Please note: Spend no more than 20 minutes on each step and take breaks in between each step. Keep in mind that you’re just taking notes for Steps 1-3, writing in phrases and fragments, you don’t have to worry about grammar, punctuation, or any of that.
Step One: Write down the who, what, when, where and how of the emotionally transformative event or moment. Write as many factual and observational details as you can. Write every detail you can recall, nothing is too small to describe. Write both the positive and negative facts and observations. If you run out of things to say before time is up, zoom out and/or zoom in, whichever one offers more recollections. An example of zooming out is: What was going on in the world at the time? An example of zooming in is: What were you or other people wearing? What did you see, hear, smell, touch, taste?
Step Two: Write about how this event affected you emotionally at the time. Explore your internal landscape. Link your feelings to the specific facts you described in the first step. What did you feel? Why did you feel this way? How did these feelings about this situation impact the rest of your life? If you run out of things to say before the time is up, look at a line you already wrote and ask yourself: What else is this connected to?

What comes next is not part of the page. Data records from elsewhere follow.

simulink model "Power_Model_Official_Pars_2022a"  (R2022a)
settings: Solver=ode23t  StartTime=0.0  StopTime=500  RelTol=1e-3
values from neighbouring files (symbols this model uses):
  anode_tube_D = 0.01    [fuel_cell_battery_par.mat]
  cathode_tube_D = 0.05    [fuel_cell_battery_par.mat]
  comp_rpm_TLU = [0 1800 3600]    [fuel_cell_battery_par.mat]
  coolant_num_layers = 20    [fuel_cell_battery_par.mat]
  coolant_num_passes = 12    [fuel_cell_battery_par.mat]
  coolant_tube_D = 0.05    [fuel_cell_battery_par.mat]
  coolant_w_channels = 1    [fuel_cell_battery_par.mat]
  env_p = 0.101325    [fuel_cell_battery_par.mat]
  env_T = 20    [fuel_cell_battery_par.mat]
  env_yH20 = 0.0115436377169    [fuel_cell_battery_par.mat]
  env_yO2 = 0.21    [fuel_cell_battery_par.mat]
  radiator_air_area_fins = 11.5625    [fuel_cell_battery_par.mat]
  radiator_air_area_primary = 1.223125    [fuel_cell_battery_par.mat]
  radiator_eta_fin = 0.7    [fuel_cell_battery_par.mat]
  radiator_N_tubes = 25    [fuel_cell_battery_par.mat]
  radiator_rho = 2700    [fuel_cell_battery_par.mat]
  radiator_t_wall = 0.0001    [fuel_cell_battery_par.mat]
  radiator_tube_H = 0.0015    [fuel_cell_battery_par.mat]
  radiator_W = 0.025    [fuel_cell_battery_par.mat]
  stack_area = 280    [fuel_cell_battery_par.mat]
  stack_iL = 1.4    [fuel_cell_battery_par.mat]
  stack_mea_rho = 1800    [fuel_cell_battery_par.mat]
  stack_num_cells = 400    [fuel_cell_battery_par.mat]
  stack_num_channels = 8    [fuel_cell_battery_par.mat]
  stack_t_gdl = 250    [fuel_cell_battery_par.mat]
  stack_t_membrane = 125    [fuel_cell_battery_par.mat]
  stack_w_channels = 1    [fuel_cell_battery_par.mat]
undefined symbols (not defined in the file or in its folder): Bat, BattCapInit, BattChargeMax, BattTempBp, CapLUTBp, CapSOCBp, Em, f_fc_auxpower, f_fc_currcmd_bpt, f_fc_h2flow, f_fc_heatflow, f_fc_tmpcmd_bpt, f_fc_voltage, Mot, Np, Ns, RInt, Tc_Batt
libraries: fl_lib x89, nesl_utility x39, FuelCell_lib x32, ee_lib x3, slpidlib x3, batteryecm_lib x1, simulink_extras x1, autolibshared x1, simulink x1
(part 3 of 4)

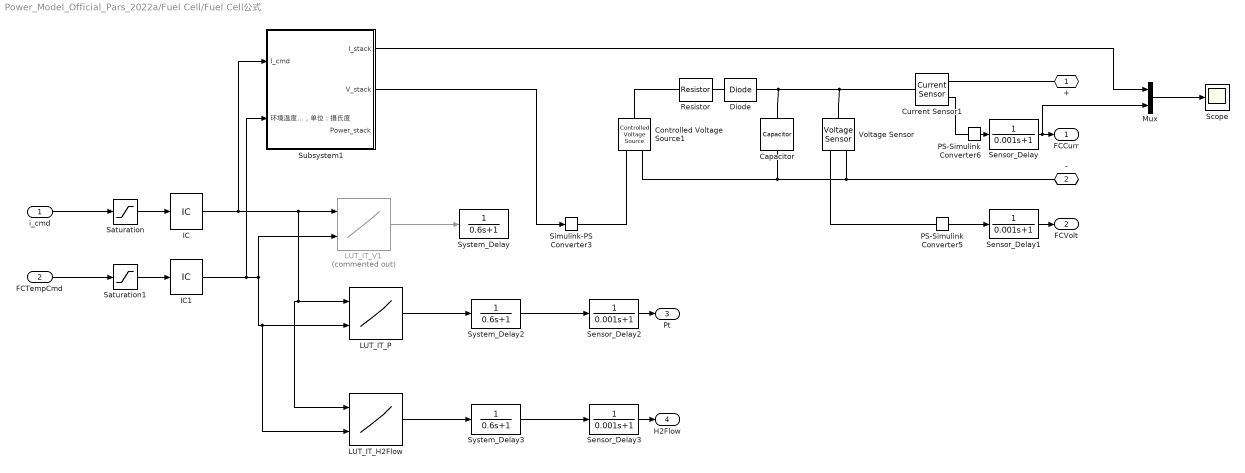
== system Power_Model_Official_Pars_2022a/Fuel Cell/Fuel Cell/公式 ==
  i_cmd : Inport
  FCTempCmd : Inport  Port=2
  Capacitor : fl_lib/Electrical/Electrical Elements/Capacitor  c=1e-6 F  r=1e-6 Ohm  g=0 1/Ohm  i_specify=off  i_priority=None  i=0 A  i_nominal_specify=off  i_nominal_unit=A  i_nominal_value=1  v_specify=off  v_priority=None  v=0 V  v_nominal_specify=off  v_nominal_unit=V  v_nominal_value=1  vc_specify=on  vc_priority=High  vc=f_fc_voltage(1) V  vc_nominal_specify=off  vc_nominal_unit=V  vc_nominal_value=1
  Controlled Voltage Source1 : fl_lib/Electrical/Electrical Sources/Controlled Voltage Source
  Current Sensor1 : fl_lib/Electrical/Electrical Sensors/Current Sensor
  Diode : fl_lib/Electrical/Electrical Elements/Diode  Vf=0.6 V  Ron=0.3 Ohm  Goff=1e-8 1/Ohm  i_specify=off  i_priority=None  i=0 A  i_nominal_specify=off  i_nominal_unit=A  i_nominal_value=1  v_specify=off  v_priority=None  v=0 V  v_nominal_specify=off  v_nominal_unit=V  v_nominal_value=1
  IC : InitialCondition  Value=f_fc_currcmd_bpt(1)
  IC1 : InitialCondition  Value=f_fc_tmpcmd_bpt(1)
  LUT_IT_H2Flow : Lookup_n-D  BreakpointsForDimension1=f_fc_currcmd_bpt  BreakpointsForDimension2=f_fc_tmpcmd_bpt  Table=f_fc_h2flow  InternalRulePriority=Speed  RndMeth=Simplest
      settings: InputPortMap=u0,u1
  LUT_IT_P : Lookup_n-D  BreakpointsForDimension1=f_fc_currcmd_bpt  BreakpointsForDimension2=f_fc_tmpcmd_bpt  Table=f_fc_auxpower  InternalRulePriority=Speed  RndMeth=Simplest
      settings: InputPortMap=u0,u1
  LUT_IT_V1 : Lookup_n-D  Commented=on  BreakpointsForDimension1=f_fc_currcmd_bpt  BreakpointsForDimension2=f_fc_tmpcmd_bpt  Table=f_fc_voltage  InternalRulePriority=Speed  RndMeth=Simplest
      settings: InputPortMap=u0,u1
  Mux : Mux  Inputs=2
  PS-Simulink Converter5 : nesl_utility/PS-Simulink Converter  PhysicalDomain=network_engine_domain  SubClassName=ps_output  LeftPortType=input  RightPortType=output  PseudoPeriodic=off  Frequencies=[]  VectorFormat=1-D array  Unit=inherit  AffineConversion=off
  PS-Simulink Converter6 : nesl_utility/PS-Simulink Converter  PhysicalDomain=network_engine_domain  SubClassName=ps_output  LeftPortType=input  RightPortType=output  PseudoPeriodic=off  Frequencies=[]  VectorFormat=1-D array  Unit=1  AffineConversion=off
  Resistor : fl_lib/Electrical/Electrical Elements/Resistor  R=1e-3 Ohm  i_specify=off  i_priority=None  i=0 A  i_nominal_specify=off  i_nominal_unit=A  i_nominal_value=1  v_specify=off  v_priority=None  v=0 V  v_nominal_specify=off  v_nominal_unit=V  v_nominal_value=1
  Saturation : Saturate  UpperLimit=max(f_fc_currcmd_bpt)  LowerLimit=0
  Saturation1 : Saturate  UpperLimit=max(f_fc_tmpcmd_bpt)  LowerLimit=0
  Scope : Scope
  Sensor_Delay{,1..3} (4 alike) : TransferFcn  Denominator=[0.001 1]
  Simulink-PS Converter3 : nesl_utility/Simulink-PS Converter  PhysicalDomain=network_engine_domain  SubClassName=ps_input  LeftPortType=input  RightPortType=output  PseudoPeriodic=off  Frequencies=[]  NoiseDistribution=none  NoiseParameters=[]  Unit=V  AffineConversion=off  FilteringAndDerivatives=provide  SimscapeFilterOrder=1  InputFilterTimeConstant=0.001  UdotUserProvided=0
  Subsystem1 : Subsystem
  System_Delay : TransferFcn  Denominator=[0.6 1]
  System_Delay2 : TransferFcn  Denominator=[0.6 1]
  System_Delay3 : TransferFcn  Denominator=[0.6 1]
  Voltage Sensor : fl_lib/Electrical/Electrical Sensors/Voltage Sensor
  + : PMIOPort  Side=Right
  - : PMIOPort  Port=2  Side=Right
  FCCurr : Outport
  FCVolt : Outport  Port=2
  Pt : Outport  Port=3
  H2Flow : Outport  Port=4
  wires:
  LUT_IT_H2Flow/1 -> System_Delay3/1
  System_Delay3/1 -> Sensor_Delay3/1
  Saturation1/1 -> IC1/1
  LUT_IT_V1/1 -> System_Delay/1
  Sensor_Delay/1 -> Mux/2, FCCurr/1
  IC1/1 -> Subsystem1/2(环境温度：T，单位：摄氏度), LUT_IT_V1/2, LUT_IT_H2Flow/2, LUT_IT_P/2
  Saturation/1 -> IC/1
  LUT_IT_P/1 -> System_Delay2/1
  IC/1 -> Subsystem1/1(I_cmd), LUT_IT_H2Flow/1, LUT_IT_P/1, LUT_IT_V1/1
  FCTempCmd/1 -> Saturation1/1
  i_cmd/1 -> Saturation/1
  Sensor_Delay2/1 -> Pt/1
  Sensor_Delay3/1 -> H2Flow/1
  PS-Simulink Converter5/1 -> Sensor_Delay1/1
  Sensor_Delay1/1 -> FCVolt/1
  PS-Simulink Converter6/1 -> Sensor_Delay/1
  Subsystem1/2(V_stack) -> Simulink-PS Converter3/1
  System_Delay2/1 -> Sensor_Delay2/1
  Subsystem1/1(I_stack) -> Mux/1
  Mux/1 -> Scope/1
  connections:
  Capacitor/RConn1 -- Voltage Sensor/RConn2 -- -/RConn1 -- Controlled Voltage Source1/RConn2
  Capacitor/LConn1 -- Diode/RConn1 -- Voltage Sensor/LConn1 -- Current Sensor1/LConn1
  +/RConn1 -- Current Sensor1/RConn2
  PS-Simulink Converter5/LConn1 -- Voltage Sensor/RConn1
  PS-Simulink Converter6/LConn1 -- Current Sensor1/RConn1
  Simulink-PS Converter3/RConn1 -- Controlled Voltage Source1/RConn1
  Resistor/RConn1 -- Diode/LConn1
  Resistor/LConn1 -- Controlled Voltage Source1/LConn1

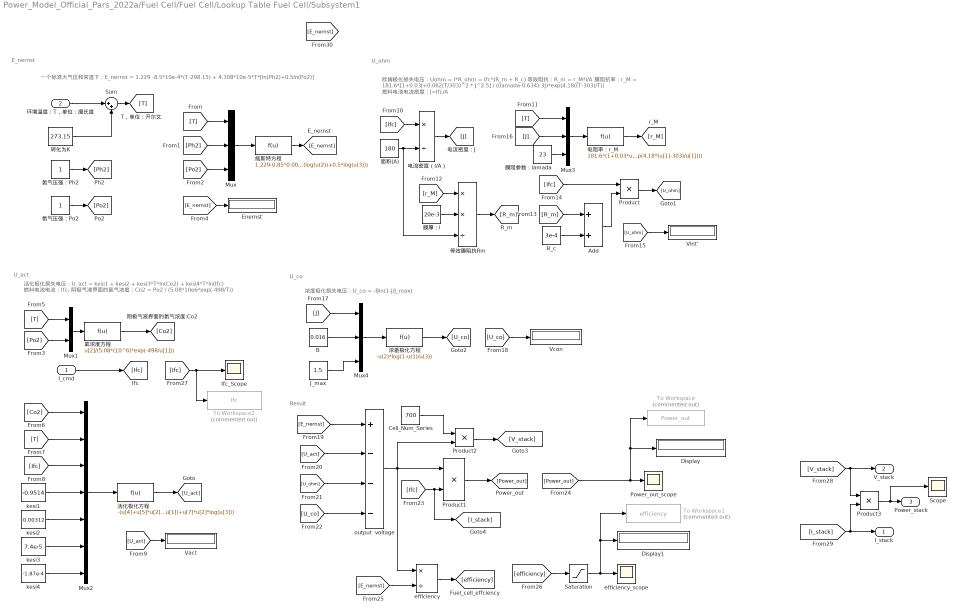
== system Power_Model_Official_Pars_2022a/Fuel Cell/Fuel Cell/Lookup Table Fuel Cell/Subsystem1 ==
  note: Result
  note: U_co
  note: 浓度极化损失电压：U_co = -Bln(1-J/J_max)
  note: U_ohm
  note: 欧姆极化损失电压：Uohm = I*R_ohm = Ifc*(R_m + R_c)
      | 等效阻抗：R_m = r_M*l/A
      | 膜阻抗率：r_M = 181.6*[1+0.03J+0.062(T/303)^2 * J^2.5] / ((lamada-0.634)-3J)*exp(4.18((T-303)/T))
      | 燃料电池电流密度：J=Ifc/A
  note: U_act
  note: 活化极化损失电压：U_act = kesi1 + kesi2 + kesi3*T*ln(Co2) + kesi4*T*ln(Ifc)
      | 燃料电池电流：Ifc;
      | 阴极气液界面的氧气浓度：Co2 = Po2 / (5.08*10e6*exp(-498/T))
  note: E_nernst
  note: 一个标准大气压和常温下：E_nernst = 1.229 -8.5*10e-4*(T-298.15) + 4.308*10e-5*T*[ln(Ph2)+0.5ln(Po2)]
  I_cmd : Inport
  环境温度：T，单位：摄氏度 : Inport  Port=2
  Add : Sum
  B : Constant  Value=0.016
  Cell_Num_Series : Constant  Value=700
  Display : Display
  Display1 : Display
  Enernst : Display
      settings: Decimation=5
  Ifc_Scope : Scope
  J_max : Constant  Value=1.5
  Mux : Mux  Inputs=3
  Mux1 : Mux  Inputs=2
  Mux2 : Mux  Inputs=7
  Mux3 : Mux  Inputs=3
  Mux4 : Mux  Inputs=3
  Power_out_scope : Scope
  Product{,1..3} (4 alike) : Product
  R_c : Constant  Value=3e-4
  Saturation : Saturate  UpperLimit=0.9  LowerLimit=0
  Scope : Scope
  Sum : Sum  Inputs=|++
  To Workspace : ToWorkspace  Commented=on  VariableName=Power_out  SampleTime=-1
      settings: Save2DSignal=2-D array (concatenate along first dimension)
  To Workspace1 : ToWorkspace  Commented=on  VariableName=efficiency  SampleTime=-1
      settings: Save2DSignal=2-D array (concatenate along first dimension)
  To Workspace2 : ToWorkspace  Commented=on  VariableName=Ifc  SampleTime=-1
      settings: Save2DSignal=2-D array (concatenate along first dimension)
  Vact : Display
      settings: Decimation=5
  Vcon : Display
      settings: Decimation=5
  Vint' : Display
      settings: Decimation=5
  efficiency : Product  Inputs=*/  OutDataTypeStr=double
  efficiency_scope : Scope
  kesi1 : Constant  Value=-0.9514
  kesi2 : Constant  Value=0.00312
  kesi3 : Constant  Value=7.4e-5
  kesi4 : Constant  Value=-1.87e-4
  output  voltage : Sum  Inputs=+---  OutDataTypeStr=double
  氢气压强：Ph2 : Constant
  氧气压强：Po2 : Constant
  氧浓度方程 : Fcn  Expr=u[2]/(5.08*(10^6)*exp(-498/u[1]))
  活化极化方程 : Fcn  Expr=-(u[4]+u[5]*u[2]+u[6]*u[2]*log(u[1])+u[7]*u[2]*log(u[3]))
  浓差极化方程 : Fcn  Expr=-u(2)*log(1-u(1)/u(3))
  电流密度（I/A） : Product  Inputs=*/  OutDataTypeStr=double
  电阻率：r_M : Fcn  Expr=181.6*(1+0.03*u[2]+0.062*((u[1]/303)^2)*(u[2]^2.5))/((u[3]-0.634-3*u[2])*(exp(4.18*(u[1]-303)/u[1])))
  等效膜阻抗Rm : Product  Inputs=**/  OutDataTypeStr=double
  能斯特方程 : Fcn  Expr=1.229-0.85*0.001*(u(1)-298.15)+4.3085*0.00001*u(1)*(log(u(2))+0.5*log(u(3)))
  膜厚：l : Constant  Value=20e-3
  膜阻参数：lamada : Constant  Value=23
  转化为K : Constant  Value=273.15
  面积(A) : Constant  Value=180
  I_stack : Outport
  V_stack : Outport  Port=2
  Power_stack : Outport  Port=3
  wires:
  [E_nernst] -> efficiency/2
  环境温度：T，单位：摄氏度/1 -> Sum/1
  [T] -> Mux/1
  Sum/1 -> [T]
  [Ifc] -> 电流密度（I/A）/1
  [Co2] -> Mux2/1
  Mux2/1 -> 活化极化方程/1
  [T] -> Mux2/2
  转化为K/1 -> Sum/2
  能斯特方程/1 -> [E_nernst]
  [Ifc] -> To Workspace2/1, Ifc_Scope/1
  Saturation/1 -> efficiency_scope/1, To Workspace1/1, Display1/1
  面积(A)/1 -> 电流密度（I/A）/2, 等效膜阻抗Rm/3
  [T] -> Mux1/1
  活化极化方程/1 -> [U_act]
  电流密度（I/A）/1 -> [J]
  output  voltage/1 -> Product2/2, efficiency/1, Product1/1
  [U_act] -> output  voltage/2
  氧气压强：Po2/1 -> [Po2]
  [r_M] -> 等效膜阻抗Rm/1
  氢气压强：Ph2/1 -> [Ph2]
  [Ifc] -> Product/1
  等效膜阻抗Rm/1 -> [R_m]
  efficiency/1 -> [efficiency]
  R_c/1 -> Add/2
  Mux4/1 -> 浓差极化方程/1
  [E_nernst] -> Enernst/1
  [Ph2] -> Mux/2
  kesi2/1 -> Mux2/5
  J_max/1 -> Mux4/3
  膜厚：l/1 -> 等效膜阻抗Rm/2
  [efficiency] -> Saturation/1
  [R_m] -> Add/1
  [U_co] -> Vcon/1
  [Power_out] -> Power_out_scope/1, To Workspace/1, Display/1
  Product1/1 -> [Power_out]
  [J] -> Mux4/1
  [U_ohm] -> output  voltage/3
  Cell_Num_Series/1 -> Product2/1
  浓差极化方程/1 -> [U_co]
  [V_stack] -> V_stack/1, Product3/1
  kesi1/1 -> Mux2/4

Step Three: Write about your perspective on this event now. Explore the things you know now that you didn’t know before this happened. How and when did your knowing change? What meaning do you assign to this experience? What questions remain? How does this experience connect to other experiences in your life, to other people’s experiences, to the human condition?
Step Four: Using the notes you’ve taken, write a piece about the memory, event, or situation you’re describing. It can be any form you like: a letter, poem, essay, short story, whatever form you like.